§ Your objective:
Copy out each line containing "header" from the entries below.

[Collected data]

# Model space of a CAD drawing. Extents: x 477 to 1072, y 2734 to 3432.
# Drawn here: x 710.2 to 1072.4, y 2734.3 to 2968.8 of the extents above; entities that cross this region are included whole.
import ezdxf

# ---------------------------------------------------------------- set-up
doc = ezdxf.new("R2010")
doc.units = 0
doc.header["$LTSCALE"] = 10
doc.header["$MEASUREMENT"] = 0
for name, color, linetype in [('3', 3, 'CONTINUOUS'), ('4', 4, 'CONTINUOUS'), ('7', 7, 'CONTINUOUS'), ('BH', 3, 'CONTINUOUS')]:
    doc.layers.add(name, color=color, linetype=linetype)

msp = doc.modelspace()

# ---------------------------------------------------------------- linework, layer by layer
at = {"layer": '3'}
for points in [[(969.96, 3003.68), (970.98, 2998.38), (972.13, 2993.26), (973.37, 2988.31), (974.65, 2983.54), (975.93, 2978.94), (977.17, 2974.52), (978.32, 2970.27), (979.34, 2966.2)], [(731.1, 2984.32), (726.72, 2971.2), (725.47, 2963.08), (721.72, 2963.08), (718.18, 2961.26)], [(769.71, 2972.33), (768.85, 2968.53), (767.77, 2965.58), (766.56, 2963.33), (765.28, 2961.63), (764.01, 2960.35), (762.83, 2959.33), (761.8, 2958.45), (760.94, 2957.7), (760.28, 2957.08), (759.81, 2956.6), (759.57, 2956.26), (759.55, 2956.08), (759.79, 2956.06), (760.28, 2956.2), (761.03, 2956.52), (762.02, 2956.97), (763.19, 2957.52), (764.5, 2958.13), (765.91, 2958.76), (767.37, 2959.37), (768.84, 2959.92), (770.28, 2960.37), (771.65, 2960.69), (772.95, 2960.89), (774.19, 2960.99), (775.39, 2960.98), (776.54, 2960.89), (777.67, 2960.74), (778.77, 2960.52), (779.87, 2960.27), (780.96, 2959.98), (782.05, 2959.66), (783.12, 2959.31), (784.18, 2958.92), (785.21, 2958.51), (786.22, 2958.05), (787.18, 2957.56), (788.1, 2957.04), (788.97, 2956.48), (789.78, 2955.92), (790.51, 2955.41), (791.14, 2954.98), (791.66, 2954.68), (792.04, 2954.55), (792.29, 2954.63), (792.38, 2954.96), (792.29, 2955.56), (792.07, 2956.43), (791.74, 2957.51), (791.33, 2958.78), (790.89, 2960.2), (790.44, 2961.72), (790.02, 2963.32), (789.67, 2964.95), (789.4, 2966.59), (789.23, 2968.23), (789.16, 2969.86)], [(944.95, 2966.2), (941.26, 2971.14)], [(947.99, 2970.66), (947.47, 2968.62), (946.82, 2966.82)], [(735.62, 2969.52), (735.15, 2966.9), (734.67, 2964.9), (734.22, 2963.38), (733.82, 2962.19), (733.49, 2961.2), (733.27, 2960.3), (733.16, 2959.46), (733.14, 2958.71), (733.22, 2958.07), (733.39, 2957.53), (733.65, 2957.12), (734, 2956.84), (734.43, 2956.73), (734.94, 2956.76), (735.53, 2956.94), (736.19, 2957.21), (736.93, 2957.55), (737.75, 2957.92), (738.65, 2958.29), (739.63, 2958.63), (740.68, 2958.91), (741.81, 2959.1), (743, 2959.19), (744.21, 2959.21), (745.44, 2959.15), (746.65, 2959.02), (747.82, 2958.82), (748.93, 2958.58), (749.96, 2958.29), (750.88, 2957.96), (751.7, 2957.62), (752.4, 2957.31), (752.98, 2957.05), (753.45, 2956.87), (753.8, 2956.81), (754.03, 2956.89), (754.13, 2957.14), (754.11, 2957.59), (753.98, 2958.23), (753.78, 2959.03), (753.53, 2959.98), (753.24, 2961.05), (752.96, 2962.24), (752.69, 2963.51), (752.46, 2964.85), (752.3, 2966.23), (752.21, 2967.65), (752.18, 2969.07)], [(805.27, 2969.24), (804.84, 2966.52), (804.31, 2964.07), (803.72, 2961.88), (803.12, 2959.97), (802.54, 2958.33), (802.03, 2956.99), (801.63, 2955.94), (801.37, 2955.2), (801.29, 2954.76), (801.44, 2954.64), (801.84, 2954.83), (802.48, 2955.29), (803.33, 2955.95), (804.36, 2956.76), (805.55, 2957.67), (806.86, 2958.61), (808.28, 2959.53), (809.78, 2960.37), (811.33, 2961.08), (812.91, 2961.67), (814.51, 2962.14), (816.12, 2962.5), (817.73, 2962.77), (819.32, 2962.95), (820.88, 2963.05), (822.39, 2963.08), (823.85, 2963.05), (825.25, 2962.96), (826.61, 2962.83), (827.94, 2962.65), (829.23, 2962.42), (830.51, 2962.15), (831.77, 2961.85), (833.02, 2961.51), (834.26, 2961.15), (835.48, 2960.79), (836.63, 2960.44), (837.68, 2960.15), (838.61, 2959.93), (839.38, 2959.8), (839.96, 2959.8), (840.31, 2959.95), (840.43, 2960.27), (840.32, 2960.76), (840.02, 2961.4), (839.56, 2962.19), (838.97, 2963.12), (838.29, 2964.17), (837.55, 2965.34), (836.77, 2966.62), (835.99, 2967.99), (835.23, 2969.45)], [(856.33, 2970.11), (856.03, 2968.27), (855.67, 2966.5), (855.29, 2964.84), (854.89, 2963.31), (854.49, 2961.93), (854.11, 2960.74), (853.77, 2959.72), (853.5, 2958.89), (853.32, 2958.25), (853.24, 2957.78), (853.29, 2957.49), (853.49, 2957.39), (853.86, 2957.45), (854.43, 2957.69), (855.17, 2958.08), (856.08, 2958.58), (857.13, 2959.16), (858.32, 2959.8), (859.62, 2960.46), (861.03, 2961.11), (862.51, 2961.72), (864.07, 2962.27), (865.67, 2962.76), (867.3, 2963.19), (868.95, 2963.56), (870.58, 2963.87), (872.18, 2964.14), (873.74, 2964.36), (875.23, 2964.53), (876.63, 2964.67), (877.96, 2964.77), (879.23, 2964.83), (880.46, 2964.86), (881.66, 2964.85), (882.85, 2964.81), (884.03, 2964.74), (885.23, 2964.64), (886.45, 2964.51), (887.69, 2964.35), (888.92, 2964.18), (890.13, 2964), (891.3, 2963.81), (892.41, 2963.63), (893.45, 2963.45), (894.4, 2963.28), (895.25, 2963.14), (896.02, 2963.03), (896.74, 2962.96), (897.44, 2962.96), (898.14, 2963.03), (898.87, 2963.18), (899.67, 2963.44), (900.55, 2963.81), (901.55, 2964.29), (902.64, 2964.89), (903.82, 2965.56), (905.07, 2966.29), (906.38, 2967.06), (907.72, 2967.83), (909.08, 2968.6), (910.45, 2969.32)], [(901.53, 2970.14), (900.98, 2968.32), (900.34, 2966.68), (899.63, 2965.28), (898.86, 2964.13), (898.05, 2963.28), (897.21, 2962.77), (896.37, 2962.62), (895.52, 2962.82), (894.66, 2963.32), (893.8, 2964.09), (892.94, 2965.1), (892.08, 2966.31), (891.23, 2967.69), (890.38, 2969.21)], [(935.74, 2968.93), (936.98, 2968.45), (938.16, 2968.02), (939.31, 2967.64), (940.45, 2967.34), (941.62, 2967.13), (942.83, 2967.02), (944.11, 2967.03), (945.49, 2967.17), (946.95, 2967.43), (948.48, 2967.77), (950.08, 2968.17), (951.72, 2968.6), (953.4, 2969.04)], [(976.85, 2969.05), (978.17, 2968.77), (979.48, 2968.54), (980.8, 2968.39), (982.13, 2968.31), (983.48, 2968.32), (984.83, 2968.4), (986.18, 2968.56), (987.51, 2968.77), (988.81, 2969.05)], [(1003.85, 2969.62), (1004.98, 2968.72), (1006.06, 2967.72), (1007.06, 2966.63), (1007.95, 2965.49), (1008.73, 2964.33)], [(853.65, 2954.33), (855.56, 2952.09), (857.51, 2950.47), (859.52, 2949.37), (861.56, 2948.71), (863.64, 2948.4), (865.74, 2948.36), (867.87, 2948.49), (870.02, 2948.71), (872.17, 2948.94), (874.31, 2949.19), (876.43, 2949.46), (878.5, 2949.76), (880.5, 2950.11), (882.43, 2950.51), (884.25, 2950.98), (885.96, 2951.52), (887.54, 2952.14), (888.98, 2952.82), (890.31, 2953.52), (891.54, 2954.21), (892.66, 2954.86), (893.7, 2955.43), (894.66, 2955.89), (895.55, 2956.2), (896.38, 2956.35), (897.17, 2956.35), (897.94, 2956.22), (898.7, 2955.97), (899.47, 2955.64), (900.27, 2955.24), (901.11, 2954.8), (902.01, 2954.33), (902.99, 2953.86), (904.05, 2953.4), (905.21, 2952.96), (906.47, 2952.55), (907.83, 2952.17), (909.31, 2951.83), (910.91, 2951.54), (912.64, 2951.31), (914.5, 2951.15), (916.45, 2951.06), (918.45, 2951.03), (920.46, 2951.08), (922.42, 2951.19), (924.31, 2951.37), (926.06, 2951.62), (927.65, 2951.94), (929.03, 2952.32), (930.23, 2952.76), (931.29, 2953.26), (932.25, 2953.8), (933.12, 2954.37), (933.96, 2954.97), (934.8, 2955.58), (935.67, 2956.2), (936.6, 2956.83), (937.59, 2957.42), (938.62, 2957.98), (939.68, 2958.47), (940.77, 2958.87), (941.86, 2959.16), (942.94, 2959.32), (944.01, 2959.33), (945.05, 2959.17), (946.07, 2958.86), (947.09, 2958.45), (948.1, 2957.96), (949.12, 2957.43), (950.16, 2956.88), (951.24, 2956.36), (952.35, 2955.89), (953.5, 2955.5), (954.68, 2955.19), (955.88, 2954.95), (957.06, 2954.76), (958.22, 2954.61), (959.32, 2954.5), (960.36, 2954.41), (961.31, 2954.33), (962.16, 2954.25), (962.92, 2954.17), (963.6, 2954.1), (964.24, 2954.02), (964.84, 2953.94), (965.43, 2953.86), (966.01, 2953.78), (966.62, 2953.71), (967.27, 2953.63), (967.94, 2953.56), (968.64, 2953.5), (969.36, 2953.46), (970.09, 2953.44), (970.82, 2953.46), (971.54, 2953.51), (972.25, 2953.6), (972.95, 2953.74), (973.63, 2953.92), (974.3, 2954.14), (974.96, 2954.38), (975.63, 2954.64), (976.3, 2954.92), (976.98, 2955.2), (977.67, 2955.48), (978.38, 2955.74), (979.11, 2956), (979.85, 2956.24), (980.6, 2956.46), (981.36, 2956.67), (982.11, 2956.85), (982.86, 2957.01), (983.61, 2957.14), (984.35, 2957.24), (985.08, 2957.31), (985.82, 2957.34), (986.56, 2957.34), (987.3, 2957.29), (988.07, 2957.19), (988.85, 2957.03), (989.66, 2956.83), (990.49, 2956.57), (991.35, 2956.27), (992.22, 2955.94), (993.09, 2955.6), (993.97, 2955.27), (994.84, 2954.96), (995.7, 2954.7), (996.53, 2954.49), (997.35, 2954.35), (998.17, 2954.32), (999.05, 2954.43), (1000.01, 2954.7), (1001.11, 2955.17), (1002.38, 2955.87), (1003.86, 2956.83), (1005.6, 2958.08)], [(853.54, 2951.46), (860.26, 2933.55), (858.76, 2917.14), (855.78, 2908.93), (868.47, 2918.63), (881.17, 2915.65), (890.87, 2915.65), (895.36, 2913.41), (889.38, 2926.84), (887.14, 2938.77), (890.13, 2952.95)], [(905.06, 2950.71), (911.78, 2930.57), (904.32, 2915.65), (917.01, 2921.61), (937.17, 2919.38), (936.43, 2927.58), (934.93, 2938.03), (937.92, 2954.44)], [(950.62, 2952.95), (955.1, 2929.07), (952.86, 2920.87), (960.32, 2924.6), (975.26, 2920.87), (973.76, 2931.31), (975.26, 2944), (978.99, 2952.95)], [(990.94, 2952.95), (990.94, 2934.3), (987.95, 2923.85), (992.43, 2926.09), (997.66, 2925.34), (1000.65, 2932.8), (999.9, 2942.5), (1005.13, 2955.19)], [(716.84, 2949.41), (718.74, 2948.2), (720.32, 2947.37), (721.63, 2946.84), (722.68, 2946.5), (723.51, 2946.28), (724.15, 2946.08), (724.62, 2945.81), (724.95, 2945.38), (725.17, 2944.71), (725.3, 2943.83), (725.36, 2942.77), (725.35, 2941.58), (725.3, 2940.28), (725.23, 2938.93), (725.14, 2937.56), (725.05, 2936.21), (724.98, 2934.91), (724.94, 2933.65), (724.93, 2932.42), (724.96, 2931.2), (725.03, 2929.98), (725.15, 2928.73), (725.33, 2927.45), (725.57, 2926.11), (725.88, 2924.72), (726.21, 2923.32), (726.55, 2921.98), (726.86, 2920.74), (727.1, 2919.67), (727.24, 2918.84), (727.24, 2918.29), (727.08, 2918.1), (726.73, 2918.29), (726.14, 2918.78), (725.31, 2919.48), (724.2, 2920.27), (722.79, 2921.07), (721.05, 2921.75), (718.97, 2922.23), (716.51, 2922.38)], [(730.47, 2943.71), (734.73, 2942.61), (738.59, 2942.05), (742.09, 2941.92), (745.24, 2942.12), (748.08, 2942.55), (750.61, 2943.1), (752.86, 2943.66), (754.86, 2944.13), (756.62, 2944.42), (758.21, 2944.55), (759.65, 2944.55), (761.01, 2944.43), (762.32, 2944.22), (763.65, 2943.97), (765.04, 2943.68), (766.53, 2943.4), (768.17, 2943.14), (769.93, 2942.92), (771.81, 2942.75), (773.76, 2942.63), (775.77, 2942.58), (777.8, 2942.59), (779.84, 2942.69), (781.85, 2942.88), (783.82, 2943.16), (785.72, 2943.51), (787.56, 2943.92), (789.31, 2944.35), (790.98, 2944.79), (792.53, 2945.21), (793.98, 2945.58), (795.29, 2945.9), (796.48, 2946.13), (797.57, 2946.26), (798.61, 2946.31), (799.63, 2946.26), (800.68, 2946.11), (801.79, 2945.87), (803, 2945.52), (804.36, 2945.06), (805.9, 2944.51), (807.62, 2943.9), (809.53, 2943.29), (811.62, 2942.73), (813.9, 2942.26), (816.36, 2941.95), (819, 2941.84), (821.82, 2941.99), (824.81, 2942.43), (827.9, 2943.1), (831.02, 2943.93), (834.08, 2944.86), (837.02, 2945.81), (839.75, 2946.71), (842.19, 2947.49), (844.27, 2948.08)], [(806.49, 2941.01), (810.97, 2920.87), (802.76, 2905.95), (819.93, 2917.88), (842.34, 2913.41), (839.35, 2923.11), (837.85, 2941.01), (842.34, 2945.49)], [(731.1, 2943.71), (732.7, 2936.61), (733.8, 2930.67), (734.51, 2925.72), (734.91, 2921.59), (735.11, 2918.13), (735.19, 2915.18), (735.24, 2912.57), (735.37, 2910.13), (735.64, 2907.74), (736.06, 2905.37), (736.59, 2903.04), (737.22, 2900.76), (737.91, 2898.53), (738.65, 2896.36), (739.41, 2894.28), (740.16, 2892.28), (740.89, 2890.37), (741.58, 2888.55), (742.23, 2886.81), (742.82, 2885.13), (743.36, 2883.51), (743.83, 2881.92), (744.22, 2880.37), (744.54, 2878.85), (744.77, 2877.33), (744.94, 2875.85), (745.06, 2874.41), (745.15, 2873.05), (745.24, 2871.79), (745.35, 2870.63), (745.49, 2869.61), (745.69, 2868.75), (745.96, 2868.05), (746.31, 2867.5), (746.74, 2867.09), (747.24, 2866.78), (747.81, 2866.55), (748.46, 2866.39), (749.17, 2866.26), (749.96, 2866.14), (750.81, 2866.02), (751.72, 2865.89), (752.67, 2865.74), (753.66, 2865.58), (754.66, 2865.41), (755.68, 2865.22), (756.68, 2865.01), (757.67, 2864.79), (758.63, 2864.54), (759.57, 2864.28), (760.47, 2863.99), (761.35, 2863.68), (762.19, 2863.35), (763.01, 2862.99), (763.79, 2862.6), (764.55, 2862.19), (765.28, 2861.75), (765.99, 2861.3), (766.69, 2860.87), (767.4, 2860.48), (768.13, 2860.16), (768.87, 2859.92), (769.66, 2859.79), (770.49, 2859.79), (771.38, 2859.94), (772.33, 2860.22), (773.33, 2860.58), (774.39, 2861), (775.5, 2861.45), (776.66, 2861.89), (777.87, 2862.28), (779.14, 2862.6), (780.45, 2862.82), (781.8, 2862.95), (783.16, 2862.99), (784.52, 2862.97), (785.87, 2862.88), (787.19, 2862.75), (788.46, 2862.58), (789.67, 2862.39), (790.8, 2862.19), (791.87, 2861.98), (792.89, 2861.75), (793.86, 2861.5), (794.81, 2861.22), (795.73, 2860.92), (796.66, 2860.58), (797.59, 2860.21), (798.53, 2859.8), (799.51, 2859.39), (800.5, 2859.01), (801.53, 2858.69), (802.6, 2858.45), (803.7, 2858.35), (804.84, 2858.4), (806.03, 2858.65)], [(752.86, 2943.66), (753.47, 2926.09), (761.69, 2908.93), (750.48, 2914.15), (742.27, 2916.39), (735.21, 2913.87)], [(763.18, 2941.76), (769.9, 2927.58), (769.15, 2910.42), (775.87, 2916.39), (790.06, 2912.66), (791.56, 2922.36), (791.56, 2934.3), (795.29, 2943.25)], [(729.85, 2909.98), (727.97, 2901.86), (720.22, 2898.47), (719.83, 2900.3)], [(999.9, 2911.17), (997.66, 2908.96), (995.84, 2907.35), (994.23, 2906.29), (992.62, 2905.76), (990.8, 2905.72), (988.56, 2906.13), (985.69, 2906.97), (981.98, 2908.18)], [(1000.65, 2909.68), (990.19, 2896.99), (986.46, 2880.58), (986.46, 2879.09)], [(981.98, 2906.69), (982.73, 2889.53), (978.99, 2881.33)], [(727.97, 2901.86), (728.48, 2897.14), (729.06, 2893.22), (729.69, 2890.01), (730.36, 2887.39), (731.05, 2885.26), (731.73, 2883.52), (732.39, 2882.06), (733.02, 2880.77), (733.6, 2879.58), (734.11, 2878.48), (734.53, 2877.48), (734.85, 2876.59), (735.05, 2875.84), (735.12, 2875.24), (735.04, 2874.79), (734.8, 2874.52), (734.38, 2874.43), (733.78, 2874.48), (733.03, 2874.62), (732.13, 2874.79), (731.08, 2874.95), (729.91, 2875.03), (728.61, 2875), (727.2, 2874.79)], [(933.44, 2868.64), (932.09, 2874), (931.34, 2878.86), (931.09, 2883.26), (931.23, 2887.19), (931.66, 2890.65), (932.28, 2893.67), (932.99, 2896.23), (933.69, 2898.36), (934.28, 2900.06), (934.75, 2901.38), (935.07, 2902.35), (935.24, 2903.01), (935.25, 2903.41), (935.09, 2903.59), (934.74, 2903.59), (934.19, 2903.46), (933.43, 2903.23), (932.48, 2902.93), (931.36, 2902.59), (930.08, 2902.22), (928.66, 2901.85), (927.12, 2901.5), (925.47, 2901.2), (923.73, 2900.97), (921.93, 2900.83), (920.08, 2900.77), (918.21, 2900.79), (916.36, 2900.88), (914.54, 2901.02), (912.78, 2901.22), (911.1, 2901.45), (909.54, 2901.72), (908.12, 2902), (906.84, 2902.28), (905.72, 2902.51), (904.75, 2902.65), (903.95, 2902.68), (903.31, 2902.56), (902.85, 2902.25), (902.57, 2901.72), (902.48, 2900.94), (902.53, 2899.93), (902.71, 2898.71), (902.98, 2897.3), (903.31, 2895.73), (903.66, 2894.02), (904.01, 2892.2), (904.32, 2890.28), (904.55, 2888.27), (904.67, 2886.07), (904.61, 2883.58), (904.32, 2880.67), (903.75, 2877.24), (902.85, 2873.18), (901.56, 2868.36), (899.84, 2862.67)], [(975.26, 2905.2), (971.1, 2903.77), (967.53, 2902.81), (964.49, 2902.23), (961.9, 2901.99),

§ Task result:
doc.header["$LTSCALE"] = 10
doc.header["$MEASUREMENT"] = 0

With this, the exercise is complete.